(Data begins)

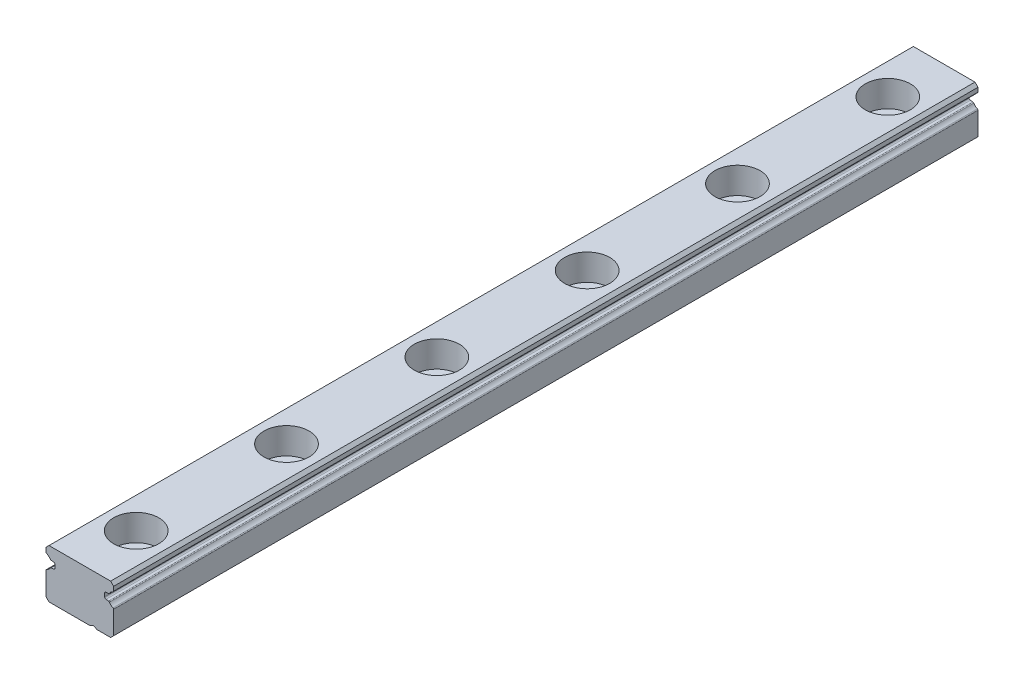
SolidWorks part; units mm, degrees
ref_plane "Front Plane" through (0, 0, 0) normal (0, 0, 1) x (1, 0, 0)
ref_plane "Top Plane" through (0, 0, 0) normal (0, 1, 0) x (1, 0, 0)
ref_plane "Right Plane" through (0, 0, 0) normal (1, 0, 0) x (0, 0, -1)
sketch "Sketch1" plane through (0, 0, 0) normal (0, 0, 1) x (1, 0, 0)
  line L0 (-4.5, 0) -> (4.5, 0) construction
  line L1 (0, -3.25) -> (0, 3.25) construction
  line L2 (0, 3.25) -> (0, -3.25) construction
  line L3 (-3, 3.25) -> (3, 3.25) construction
  line L4 (-1.75, -0.25) -> (1.75, -0.25) construction
  point P0 (0, -0.25)
  point P3 (-4.5, -3.25)
  point P4 (0, 0)
  point P8 (0, 0)
  point P11 (0, 3.25)
  point P15 (0, 3.25)
  point P17 (0, -0.25)
  point P18 (4.5, 3.25)
  point P20 (-4.5, 3.25)
  dimension "Rail Width" = 9
  dimension "Rail Height" = 6.5
  dimension "Mounting Hole Depth" = 3
  dimension "Mounting Hole Counterbore Diameter" = 6
  dimension "Mounting Hole Diameter" = 3.5
sketch "Sketch2" plane through (0, 0, 0) normal (1, 0, 0) x (0, 0, -1)
  line L0 (57.5, 0) -> (-57.5, 0) construction
  line L1 (-3, 3.25) -> (3, 3.25) construction
  line L3 (0, 3.25) -> (0, 0) construction
  point P0 (-50, 0)
  point P4 (0, 0)
  point P5 (-30, 0)
  point P6 (-40, 0)
  point P9 (-50, 3.25)
  point P10 (0, 3.25)
  point P11 (57.5, 3.25)
  point P13 (-57.5, 3.25)
  point P14 (40, 0)
  point P17 (-57.5, -3.25)
  dimension "Rail Length" = 115
  dimension "Mounting Hole Center to Edge" = 7.5
  dimension "Mounting Hole Center to Center" = 20
  dimension "Number of Mounting Holes" = 6
  dimension "Break Line" = 10
sketch "Sketch3" plane through (0, 0, 0) normal (0, 0, 1) x (1, 0, 0)
  point P0 (0, 3.25)
  line B0 (-4.5, 0.1917) -> (-4.5, -2.85)
  line B1 (-4.5, -2.85) -> (-4.1, -3.25)
  line B2 (-4.1, -3.25) -> (1.4, -3.25)
  line B3 (2.2, -3.25) -> (4.1, -3.25)
  line B4 (4.1, -3.25) -> (4.5, -2.85)
  line B5 (4.5, -2.85) -> (4.5, 0.1917)
  line B6 (3.8235, 0.8135) -> (3.4826, 0.8434)
  line B7 (3.3, 1.0426) -> (3.3, 1.4574)
  line B8 (3.4826, 1.6566) -> (3.8235, 1.6865)
  line B9 (4.5, 2.3083) -> (4.5, 2.85)
  line B10 (4.5, 2.85) -> (4.1, 3.25)
  line B11 (4.1, 3.25) -> (-4.1, 3.25)
  line B12 (-4.1, 3.25) -> (-4.5, 2.85)
  line B13 (-4.5, 2.85) -> (-4.5, 2.3083)
  line B14 (-3.8235, 1.6865) -> (-3.4826, 1.6566)
  line B15 (-3.3, 1.4574) -> (-3.3, 1.0426)
  line B16 (-3.4826, 0.8434) -> (-3.8235, 0.8135)
  arc B17 (2.2, -3.25) -> (1.4, -3.25) centre (1.8, -3.55) ccw
  arc B18 (4.5, 0.1917) -> (4.4087, 0.3297) centre (4.35, 0.1917) ccw
  arc B19 (3.9395, 0.7405) -> (4.4087, 0.3297) centre (4.8, 1.25) ccw
  arc B20 (3.9395, 0.7405) -> (3.8235, 0.8135) centre (3.8104, 0.6641) ccw
  arc B21 (3.3, 1.0426) -> (3.4826, 0.8434) centre (3.5, 1.0426) ccw
  arc B22 (3.4826, 1.6566) -> (3.3, 1.4574) centre (3.5, 1.4574) ccw
  arc B23 (3.8235, 1.6865) -> (3.9395, 1.7595) centre (3.8104, 1.8359) ccw
  arc B24 (4.4087, 2.1703) -> (3.9395, 1.7595) centre (4.8, 1.25) ccw
  arc B25 (4.4087, 2.1703) -> (4.5, 2.3083) centre (4.35, 2.3083) ccw
  arc B26 (-4.5, 2.3083) -> (-4.4087, 2.1703) centre (-4.35, 2.3083) ccw
  arc B27 (-3.9395, 1.7595) -> (-4.4087, 2.1703) centre (-4.8, 1.25) ccw
  arc B28 (-3.9395, 1.7595) -> (-3.8235, 1.6865) centre (-3.8104, 1.8359) ccw
  arc B29 (-3.3, 1.4574) -> (-3.4826, 1.6566) centre (-3.5, 1.4574) ccw
  arc B30 (-3.4826, 0.8434) -> (-3.3, 1.0426) centre (-3.5, 1.0426) ccw
  arc B31 (-3.8235, 0.8135) -> (-3.9395, 0.7405) centre (-3.8104, 0.6641) ccw
  arc B32 (-4.4087, 0.3297) -> (-3.9395, 0.7405) centre (-4.8, 1.25) ccw
  arc B33 (-4.4087, 0.3297) -> (-4.5, 0.1917) centre (-4.35, 0.1917) ccw
sketch_block_instance "9mm Block-1"
sketch_block "9mm Block"
extrude "Boss-Extrude1" add sketch "Sketch3" against normal up to vertex (57.5 mm away) from vertex at 57.5 starting at point (0, 0, 57.5)
ref_plane "Plane1" through (0, 0, 50) normal (0, 0, 1) x (1, 0, 0)
sketch "Sketch4" plane through (0, 0, 50) normal (0, 0, 1) x (1, 0, 0)
  line L0 (0, 3.25) -> (0, -3.25)
  line L1 (0, -3.25) -> (-1.75, -3.25)
  line L3 (-1.75, -3.25) -> (-1.75, -0.25)
  line L4 (-1.75, -0.25) -> (-3, -0.25)
  line L5 (-3, -0.25) -> (-3, 3.25)
  line L6 (-3, 3.25) -> (0, 3.25)
revolve "Cut-Revolve1" cut sketch "Sketch4" angle 360 about L0
sketch "Sketch6" plane through (0, 0, 0) normal (1, 0, 0) x (0, 0, -1)
  line L0 (-47, -0.25) -> (-53, -0.25) construction
  line L5 (-47, -0.25) -> (-53, -0.25)
  line L17 (-51.75, -0.25) -> (-51.75, -3.25) construction
  line L18 (-48.25, -3.25) -> (-48.25, -0.25) construction
  line L32 (-47, -0.25) -> (-47, 3.25) construction
  line L33 (-53, 3.25) -> (-53, -0.25) construction
  line L34 (-51.75, -0.25) -> (-51.75, -3.25)
  line L35 (-48.25, -3.25) -> (-48.25, -0.25)
  line L36 (-47, -0.25) -> (-47, 3.25)
  line L37 (-53, 3.25) -> (-53, -0.25)
  line L38 (0, 3.25) -> (0, -3.25) construction
  line L40 (53, 3.25) -> (53, -0.25)
  line L41 (47, -0.25) -> (47, 3.25)
  line L42 (48.25, -3.25) -> (48.25, -0.25)
  line L43 (51.75, -0.25) -> (51.75, -3.25)
  line L44 (47, -0.25) -> (53, -0.25)
sketch "Sketch7" plane through (0, 0, 0) normal (0, 0, 1) x (1, 0, 0)
  line L0 (3, -0.25) -> (3, 3.25) construction
  line L1 (-3, 3.25) -> (-3, -0.25) construction
  line L2 (3, -0.25) -> (3, 3.25)
  line L3 (-3, 3.25) -> (-3, -0.25)
  line L4 (1.75, -3.0525) -> (1.75, -0.25) construction
  line L11 (1.75, -3.0525) -> (1.75, -0.25)
  line L18 (-1.75, -0.25) -> (-1.75, -3.25) construction
  line L32 (3, -0.25) -> (-3, -0.25) construction
  line L34 (-1.75, -0.25) -> (-1.75, -3.25)
  line L37 (3, -0.25) -> (-3, -0.25)
pattern_linear "LPattern1" count 6 spacing 20 along (0, 0, -1) of "Cut-Revolve1"
equation "\"D3@LPattern1\"=\"Mounting Hole Center to Center@Sketch2\""
equation "\"D1@LPattern1\"=\"Number of Mounting Holes@Sketch2\""
equation "\"Break Line@Sketch2\"=\"Mounting Hole Center to Center@Sketch2\"/2"

(Data ends)

Required work: The required output is every line above from the one with "arc B21 (3.3, 1.0426)" down to the one with "arc B23 (3.8235, 1.6865)", restated word for word, ends included.

Solved problem:
  arc B21 (3.3, 1.0426) -> (3.4826, 0.8434) centre (3.5, 1.0426) ccw
  arc B22 (3.4826, 1.6566) -> (3.3, 1.4574) centre (3.5, 1.4574) ccw
  arc B23 (3.8235, 1.6865) -> (3.9395, 1.7595) centre (3.8104, 1.8359) ccw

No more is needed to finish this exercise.